En tenant ainsi compte des innovations constatées dans la langue, elle adopte à une large majorité les conclusions du rapport sur la féminisation des noms de métiers.

ET MAINTENANT ?

Aujourd’hui, la « nouvelle orthographe » ne se substitue pas à l’ » orthographe traditionnelle ». Toutefois, nombre d’organismes et autorités décrivent les changements proposés, dont l’Académie (lien), et le Renouvo (lien).
L’association Aparo en Belgique, Airoé de France, le Gqmnf du Québéc et l’Ano de Suisse se regroupent en 2001 sous le nom de Renouvo – Réseau pour la nouvelle orthographe du français – , et éditent un document explicatif complet « Le point sur les rectifications orthographiques en 2005 » (lien).
En 2005, une brochure résumant l’affaire a été éditée sous le titre « Le millepatte sur un nénufar »(en librairie)

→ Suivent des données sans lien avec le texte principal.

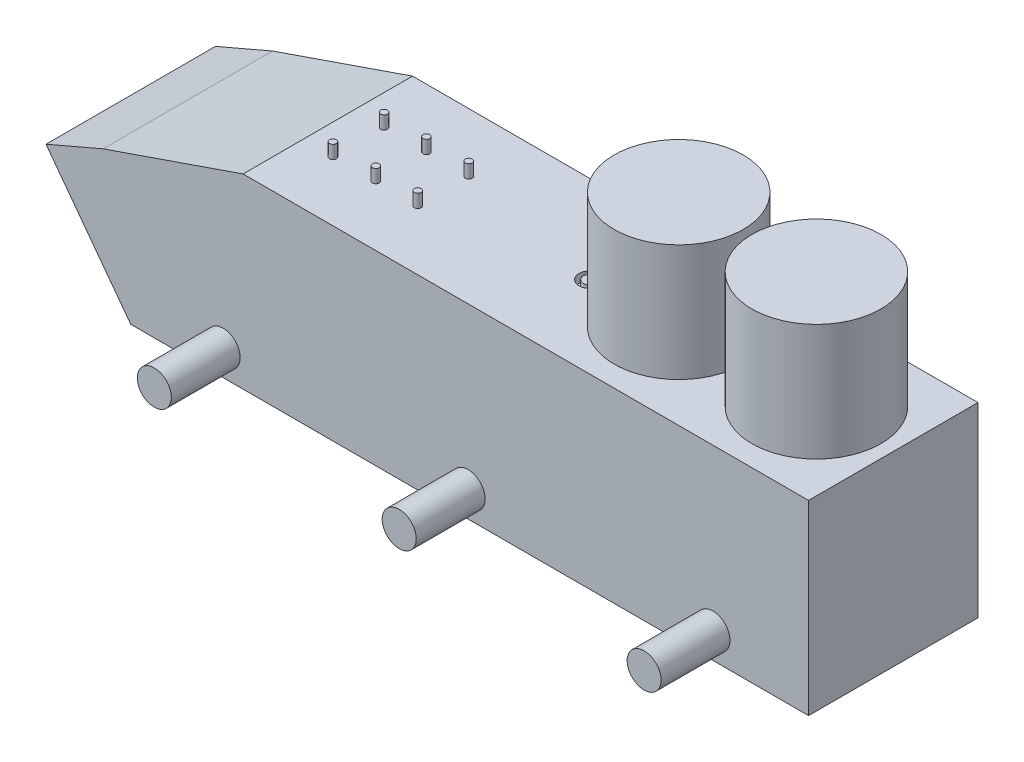
ISO-10303-21;
HEADER;
FILE_DESCRIPTION(('STEP AP214'),'2;1');
FILE_NAME('part.step','',(''),(''),'','','');
FILE_SCHEMA(('AUTOMOTIVE_DESIGN { 1 0 10303 214 1 1 1 1 }'));
ENDSEC;
DATA;
#1=APPLICATION_CONTEXT('core data for automotive mechanical design processes');
#2=APPLICATION_PROTOCOL_DEFINITION('international standard','automotive_design',2000,#1);
#3=PRODUCT_CONTEXT('',#1,'mechanical');
#4=PRODUCT('Part','Part','',(#3));
#5=PRODUCT_RELATED_PRODUCT_CATEGORY('part','',(#4));
#6=PRODUCT_DEFINITION_FORMATION('','',#4);
#7=PRODUCT_DEFINITION_CONTEXT('part definition',#1,'design');
#8=PRODUCT_DEFINITION('design','',#6,#7);
#9=PRODUCT_DEFINITION_SHAPE('','',#8);
#10=(LENGTH_UNIT() NAMED_UNIT(*) SI_UNIT(.MILLI.,.METRE.));
#11=(NAMED_UNIT(*) PLANE_ANGLE_UNIT() SI_UNIT($,.RADIAN.));
#12=(NAMED_UNIT(*) SI_UNIT($,.STERADIAN.) SOLID_ANGLE_UNIT());
#13=UNCERTAINTY_MEASURE_WITH_UNIT(LENGTH_MEASURE(1.E-05),#10,'distance_accuracy_value','');
#14=(GEOMETRIC_REPRESENTATION_CONTEXT(3) GLOBAL_UNCERTAINTY_ASSIGNED_CONTEXT((#13)) GLOBAL_UNIT_ASSIGNED_CONTEXT((#10,
#11,#12)) REPRESENTATION_CONTEXT('',''));
#15=CARTESIAN_POINT('',(0.,0.,0.));
#16=DIRECTION('',(0.,0.,1.));
#17=DIRECTION('',(1.,0.,0.));
#18=AXIS2_PLACEMENT_3D('',#15,#16,#17);
#19=CARTESIAN_POINT('',(1650.,290.827338129496,500.));
#20=DIRECTION('',(0.,-1.,0.));
#21=DIRECTION('',(1.,0.,0.));
#22=AXIS2_PLACEMENT_3D('',#19,#20,#21);
#23=PLANE('',#22);
#24=CARTESIAN_POINT('',(763.220602861019,290.827338129496,258.53961209144));
#25=DIRECTION('',(0.,1.,0.));
#26=DIRECTION('',(-1.,0.,0.));
#27=AXIS2_PLACEMENT_3D('',#24,#25,#26);
#28=CIRCLE('',#27,31.7499999999999);
#29=CARTESIAN_POINT('',(731.470602861019,290.827338129496,258.53961209144));
#30=VERTEX_POINT('',#29);
#31=EDGE_CURVE('E359',#30,#30,#28,.T.);
#32=ORIENTED_EDGE('',*,*,#31,.F.);
#33=EDGE_LOOP('',(#32));
#34=FACE_BOUND('',#33,.T.);
#35=CARTESIAN_POINT('',(1421.4,290.827338129496,248.149283126668));
#36=DIRECTION('',(0.,-1.,0.));
#37=DIRECTION('',(1.,0.,0.));
#38=AXIS2_PLACEMENT_3D('',#35,#36,#37);
#39=CIRCLE('',#38,190.5);
#40=CARTESIAN_POINT('',(1421.4,290.827338129496,57.6492831266675));
#41=VERTEX_POINT('',#40);
#42=EDGE_CURVE('E11',#41,#41,#39,.F.);
#43=ORIENTED_EDGE('',*,*,#42,.F.);
#44=EDGE_LOOP('',(#43));
#45=FACE_BOUND('',#44,.T.);
#46=CARTESIAN_POINT('',(1015.,290.827338129496,248.149283126668));
#47=DIRECTION('',(0.,-1.,0.));
#48=DIRECTION('',(1.,0.,0.));
#49=AXIS2_PLACEMENT_3D('',#46,#47,#48);
#50=CIRCLE('',#49,190.5);
#51=CARTESIAN_POINT('',(1015.,290.827338129496,57.6492831266678));
#52=VERTEX_POINT('',#51);
#53=EDGE_CURVE('E42',#52,#52,#50,.F.);
#54=ORIENTED_EDGE('',*,*,#53,.F.);
#55=EDGE_LOOP('',(#54));
#56=FACE_BOUND('',#55,.T.);
#57=CARTESIAN_POINT('',(70.5935735585222,290.827338129496,323.788946961614));
#58=DIRECTION('',(0.,-1.,0.));
#59=DIRECTION('',(1.,0.,0.));
#60=AXIS2_PLACEMENT_3D('',#57,#58,#59);
#61=CIRCLE('',#60,10.);
#62=CARTESIAN_POINT('',(80.5935735585222,290.827338129496,323.788946961614));
#63=VERTEX_POINT('',#62);
#64=EDGE_CURVE('E158',#63,#63,#61,.T.);
#65=ORIENTED_EDGE('',*,*,#64,.T.);
#66=EDGE_LOOP('',(#65));
#67=FACE_BOUND('',#66,.T.);
#68=CARTESIAN_POINT('',(195.593573558522,290.827338129496,322.32623375142));
#69=DIRECTION('',(0.,-1.,0.));
#70=DIRECTION('',(1.,0.,0.));
#71=AXIS2_PLACEMENT_3D('',#68,#69,#70);
#72=CIRCLE('',#71,10.);
#73=CARTESIAN_POINT('',(205.593573558522,290.827338129496,322.32623375142));
#74=VERTEX_POINT('',#73);
#75=EDGE_CURVE('E154',#74,#74,#72,.F.);
#76=ORIENTED_EDGE('',*,*,#75,.F.);
#77=EDGE_LOOP('',(#76));
#78=FACE_BOUND('',#77,.T.);
#79=CARTESIAN_POINT('',(320.593573558522,290.827338129496,323.788946961614));
#80=DIRECTION('',(0.,-1.,0.));
#81=DIRECTION('',(1.,0.,0.));
#82=AXIS2_PLACEMENT_3D('',#79,#80,#81);
#83=CIRCLE('',#82,9.99999999999998);
#84=CARTESIAN_POINT('',(330.593573558522,290.827338129496,323.788946961614));
#85=VERTEX_POINT('',#84);
#86=EDGE_CURVE('E143',#85,#85,#83,.F.);
#87=ORIENTED_EDGE('',*,*,#86,.F.);
#88=EDGE_LOOP('',(#87));
#89=FACE_BOUND('',#88,.T.);
#90=CARTESIAN_POINT('',(320.593573558522,290.827338129496,173.12555336084));
#91=DIRECTION('',(0.,-1.,0.));
#92=DIRECTION('',(1.,0.,0.));
#93=AXIS2_PLACEMENT_3D('',#90,#91,#92);
#94=CIRCLE('',#93,9.99999999999998);
#95=CARTESIAN_POINT('',(330.593573558522,290.827338129496,173.12555336084));
#96=VERTEX_POINT('',#95);
#97=EDGE_CURVE('E148',#96,#96,#94,.T.);
#98=ORIENTED_EDGE('',*,*,#97,.T.);
#99=EDGE_LOOP('',(#98));
#100=FACE_BOUND('',#99,.T.);
#101=CARTESIAN_POINT('',(195.593573558522,290.827338129496,173.12555336084));
#102=DIRECTION('',(0.,-1.,0.));
#103=DIRECTION('',(1.,0.,0.));
#104=AXIS2_PLACEMENT_3D('',#101,#102,#103);
#105=CIRCLE('',#104,10.);
#106=CARTESIAN_POINT('',(205.593573558522,290.827338129496,173.12555336084));
#107=VERTEX_POINT('',#106);
#108=EDGE_CURVE('E144',#107,#107,#105,.T.);
#109=ORIENTED_EDGE('',*,*,#108,.T.);
#110=EDGE_LOOP('',(#109));
#111=FACE_BOUND('',#110,.T.);
#112=CARTESIAN_POINT('',(70.5935735585222,290.827338129496,173.12555336084));
#113=DIRECTION('',(0.,-1.,0.));
#114=DIRECTION('',(1.,0.,0.));
#115=AXIS2_PLACEMENT_3D('',#112,#113,#114);
#116=CIRCLE('',#115,10.);
#117=CARTESIAN_POINT('',(80.5935735585222,290.827338129496,173.12555336084));
#118=VERTEX_POINT('',#117);
#119=EDGE_CURVE('E140',#118,#118,#116,.F.);
#120=ORIENTED_EDGE('',*,*,#119,.F.);
#121=EDGE_LOOP('',(#120));
#122=FACE_BOUND('',#121,.T.);
#123=DIRECTION('',(0.,0.,-1.));
#124=VECTOR('',#123,1.);
#125=CARTESIAN_POINT('',(-18.4803499003083,290.827338129496,500.));
#126=LINE('',#125,#124);
#127=CARTESIAN_POINT('',(-18.4803499003079,290.827338129496,500.));
#128=VERTEX_POINT('',#127);
#129=CARTESIAN_POINT('',(-18.4803499003062,290.827338129497,0.));
#130=VERTEX_POINT('',#129);
#131=EDGE_CURVE('E49',#128,#130,#126,.T.);
#132=ORIENTED_EDGE('',*,*,#131,.F.);
#133=DIRECTION('',(-1.,0.,0.));
#134=VECTOR('',#133,1.);
#135=CARTESIAN_POINT('',(1650.,290.827338129496,500.));
#136=LINE('',#135,#134);
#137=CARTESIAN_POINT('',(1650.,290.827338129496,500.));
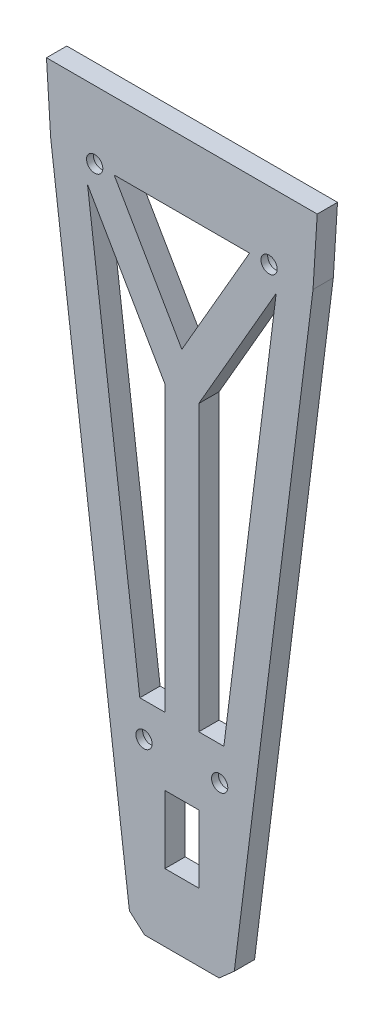
ISO-10303-21;
HEADER;
FILE_DESCRIPTION(('STEP AP214'),'2;1');
FILE_NAME('part.step','',(''),(''),'','','');
FILE_SCHEMA(('AUTOMOTIVE_DESIGN { 1 0 10303 214 1 1 1 1 }'));
ENDSEC;
DATA;
#1=APPLICATION_CONTEXT('core data for automotive mechanical design processes');
#2=APPLICATION_PROTOCOL_DEFINITION('international standard','automotive_design',2000,#1);
#3=PRODUCT_CONTEXT('',#1,'mechanical');
#4=PRODUCT('Part','Part','',(#3));
#5=PRODUCT_RELATED_PRODUCT_CATEGORY('part','',(#4));
#6=PRODUCT_DEFINITION_FORMATION('','',#4);
#7=PRODUCT_DEFINITION_CONTEXT('part definition',#1,'design');
#8=PRODUCT_DEFINITION('design','',#6,#7);
#9=PRODUCT_DEFINITION_SHAPE('','',#8);
#10=(LENGTH_UNIT() NAMED_UNIT(*) SI_UNIT(.MILLI.,.METRE.));
#11=(NAMED_UNIT(*) PLANE_ANGLE_UNIT() SI_UNIT($,.RADIAN.));
#12=(NAMED_UNIT(*) SI_UNIT($,.STERADIAN.) SOLID_ANGLE_UNIT());
#13=UNCERTAINTY_MEASURE_WITH_UNIT(LENGTH_MEASURE(1.E-05),#10,'distance_accuracy_value','');
#14=(GEOMETRIC_REPRESENTATION_CONTEXT(3) GLOBAL_UNCERTAINTY_ASSIGNED_CONTEXT((#13)) GLOBAL_UNIT_ASSIGNED_CONTEXT((#10,
#11,#12)) REPRESENTATION_CONTEXT('',''));
#15=CARTESIAN_POINT('',(0.,0.,0.));
#16=DIRECTION('',(0.,0.,1.));
#17=DIRECTION('',(1.,0.,0.));
#18=AXIS2_PLACEMENT_3D('',#15,#16,#17);
#19=CARTESIAN_POINT('',(-19.3798263270539,-4.96138938357014,3.));
#20=DIRECTION('',(0.99806760209759,0.0621374415563304,0.));
#21=DIRECTION('',(-0.0621374415563304,0.99806760209759,0.));
#22=AXIS2_PLACEMENT_3D('',#19,#20,#21);
#23=PLANE('',#22);
#24=DIRECTION('',(0.0621374415563304,-0.99806760209759,0.));
#25=VECTOR('',#24,1.);
#26=CARTESIAN_POINT('',(-19.3798263270539,-4.96138938357014,0.));
#27=LINE('',#26,#25);
#28=CARTESIAN_POINT('',(-20.0000000000001,5.,0.));
#29=VERTEX_POINT('',#28);
#30=CARTESIAN_POINT('',(-19.3798263270539,-4.96138938357014,0.));
#31=VERTEX_POINT('',#30);
#32=EDGE_CURVE('E202',#29,#31,#27,.T.);
#33=ORIENTED_EDGE('',*,*,#32,.T.);
#34=DIRECTION('',(0.,0.,-1.));
#35=VECTOR('',#34,1.);
#36=CARTESIAN_POINT('',(-19.3798263270539,-4.96138938357014,3.));
#37=LINE('',#36,#35);
#38=CARTESIAN_POINT('',(-19.3798263270539,-4.96138938357014,3.));
#39=VERTEX_POINT('',#38);
#40=EDGE_CURVE('E40',#39,#31,#37,.T.);
#41=ORIENTED_EDGE('',*,*,#40,.F.);
#42=DIRECTION('',(0.0621374415563304,-0.99806760209759,0.));
#43=VECTOR('',#42,1.);
#44=CARTESIAN_POINT('',(-19.3798263270539,-4.96138938357014,3.));
#45=LINE('',#44,#43);
#46=CARTESIAN_POINT('',(-20.0000000000001,5.,3.));
#47=VERTEX_POINT('',#46);
#48=EDGE_CURVE('E204',#47,#39,#45,.T.);
#49=ORIENTED_EDGE('',*,*,#48,.F.);
#50=DIRECTION('',(0.,0.,-1.));
#51=VECTOR('',#50,1.);
#52=CARTESIAN_POINT('',(-20.,4.99999999999819,3.));
#53=LINE('',#52,#51);
#54=EDGE_CURVE('E11',#47,#29,#53,.T.);
#55=ORIENTED_EDGE('',*,*,#54,.T.);
#56=EDGE_LOOP('',(#33,#41,#49,#55));
#57=FACE_BOUND('',#56,.T.);
#58=ADVANCED_FACE('F33',(#57),#23,.F.);
#59=CARTESIAN_POINT('',(-7.74806946918249,-98.0154442465732,3.));
#60=DIRECTION('',(0.992277876713673,0.124034734589167,0.));
#61=DIRECTION('',(-0.124034734589167,0.992277876713673,0.));
#62=AXIS2_PLACEMENT_3D('',#59,#60,#61);
#63=PLANE('',#62);
#64=DIRECTION('',(0.124034734589167,-0.992277876713673,0.));
#65=VECTOR('',#64,1.);
#66=CARTESIAN_POINT('',(-7.74806946918249,-98.0154442465732,0.));
#67=LINE('',#66,#65);
#68=CARTESIAN_POINT('',(-7.74806946918249,-98.0154442465732,0.));
#69=VERTEX_POINT('',#68);
#70=EDGE_CURVE('E209',#31,#69,#67,.T.);
#71=ORIENTED_EDGE('',*,*,#70,.T.);
#72=DIRECTION('',(0.,0.,-1.));
#73=VECTOR('',#72,1.);
#74=CARTESIAN_POINT('',(-7.74806946918249,-98.0154442465732,3.));
#75=LINE('',#74,#73);
#76=CARTESIAN_POINT('',(-7.74806946918249,-98.0154442465732,3.));
#77=VERTEX_POINT('',#76);
#78=EDGE_CURVE('E243',#77,#69,#75,.T.);
#79=ORIENTED_EDGE('',*,*,#78,.F.);
#80=DIRECTION('',(0.124034734589167,-0.992277876713673,0.));
#81=VECTOR('',#80,1.);
#82=CARTESIAN_POINT('',(-7.74806946918249,-98.0154442465732,3.));
#83=LINE('',#82,#81);
#84=EDGE_CURVE('E249',#39,#77,#83,.T.);
#85=ORIENTED_EDGE('',*,*,#84,.F.);
#86=ORIENTED_EDGE('',*,*,#40,.T.);
#87=EDGE_LOOP('',(#71,#79,#85,#86));
#88=FACE_BOUND('',#87,.T.);
#89=ADVANCED_FACE('F247',(#88),#63,.F.);
#90=CARTESIAN_POINT('',(-5.50000000000416,-100.000000000001,3.));
#91=DIRECTION('',(0.661802563235756,0.749678175815852,0.));
#92=DIRECTION('',(-0.749678175815852,0.661802563235756,0.));
#93=AXIS2_PLACEMENT_3D('',#90,#91,#92);
#94=PLANE('',#93);
#95=DIRECTION('',(0.749678175815852,-0.661802563235756,0.));
#96=VECTOR('',#95,1.);
#97=CARTESIAN_POINT('',(-5.50000000000416,-100.000000000001,0.));
#98=LINE('',#97,#96);
#99=CARTESIAN_POINT('',(-5.50000000000416,-100.000000000001,0.));
#100=VERTEX_POINT('',#99);
#101=EDGE_CURVE('E212',#69,#100,#98,.T.);
#102=ORIENTED_EDGE('',*,*,#101,.T.);
#103=DIRECTION('',(0.,0.,-1.));
#104=VECTOR('',#103,1.);
#105=CARTESIAN_POINT('',(-5.50000000000416,-100.000000000001,3.));
#106=LINE('',#105,#104);
#107=CARTESIAN_POINT('',(-5.50000000000416,-100.000000000001,3.));
#108=VERTEX_POINT('',#107);
#109=EDGE_CURVE('E240',#108,#100,#106,.T.);
#110=ORIENTED_EDGE('',*,*,#109,.F.);
#111=DIRECTION('',(0.749678175815852,-0.661802563235756,0.));
#112=VECTOR('',#111,1.);
#113=CARTESIAN_POINT('',(-5.50000000000416,-100.000000000001,3.));
#114=LINE('',#113,#112);
#115=EDGE_CURVE('E252',#77,#108,#114,.T.);
#116=ORIENTED_EDGE('',*,*,#115,.F.);
#117=ORIENTED_EDGE('',*,*,#78,.T.);
#118=EDGE_LOOP('',(#102,#110,#116,#117));
#119=FACE_BOUND('',#118,.T.);
#120=ADVANCED_FACE('F283',(#119),#94,.F.);
#121=CARTESIAN_POINT('',(5.49999999999584,-100.000000000001,3.));
#122=DIRECTION('',(0.,1.,0.));
#123=DIRECTION('',(0.,0.,1.));
#124=AXIS2_PLACEMENT_3D('',#121,#122,#123);
#125=PLANE('',#124);
#126=DIRECTION('',(1.,0.,0.));
#127=VECTOR('',#126,1.);
#128=CARTESIAN_POINT('',(5.49999999999584,-100.000000000001,0.));
#129=LINE('',#128,#127);
#130=CARTESIAN_POINT('',(5.49999999999584,-100.000000000001,0.));
#131=VERTEX_POINT('',#130);
#132=EDGE_CURVE('E222',#100,#131,#129,.T.);
#133=ORIENTED_EDGE('',*,*,#132,.T.);
#134=DIRECTION('',(0.,0.,-1.));
#135=VECTOR('',#134,1.);
#136=CARTESIAN_POINT('',(5.49999999999584,-100.000000000001,3.));
#137=LINE('',#136,#135);
#138=CARTESIAN_POINT('',(5.49999999999584,-100.000000000001,3.));
#139=VERTEX_POINT('',#138);
#140=EDGE_CURVE('E237',#139,#131,#137,.T.);
#141=ORIENTED_EDGE('',*,*,#140,.F.);
#142=DIRECTION('',(1.,0.,0.));
#143=VECTOR('',#142,1.);
#144=CARTESIAN_POINT('',(5.49999999999584,-100.000000000001,3.));
#145=LINE('',#144,#143);
#146=EDGE_CURVE('E254',#108,#139,#145,.T.);
#147=ORIENTED_EDGE('',*,*,#146,.F.);
#148=ORIENTED_EDGE('',*,*,#109,.T.);
#149=EDGE_LOOP('',(#133,#141,#147,#148));
#150=FACE_BOUND('',#149,.T.);
#151=ADVANCED_FACE('F280',(#150),#125,.F.);
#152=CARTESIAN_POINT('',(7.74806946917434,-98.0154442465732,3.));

Concernant l’enseignement, en 2008, les programmes scolaires de France stipulent que : « l’orthographe révisée est la référence ». En 2007, l’orthographe rectifiée est reconnue par l’Éducation nationale. La nouvelle orthographe devient la référence dans les programmes en juin 2008. Mais il faut encore attendre l’année 2015 pour que certains éditeurs commencent à appliquer la réforme de l’orthographe.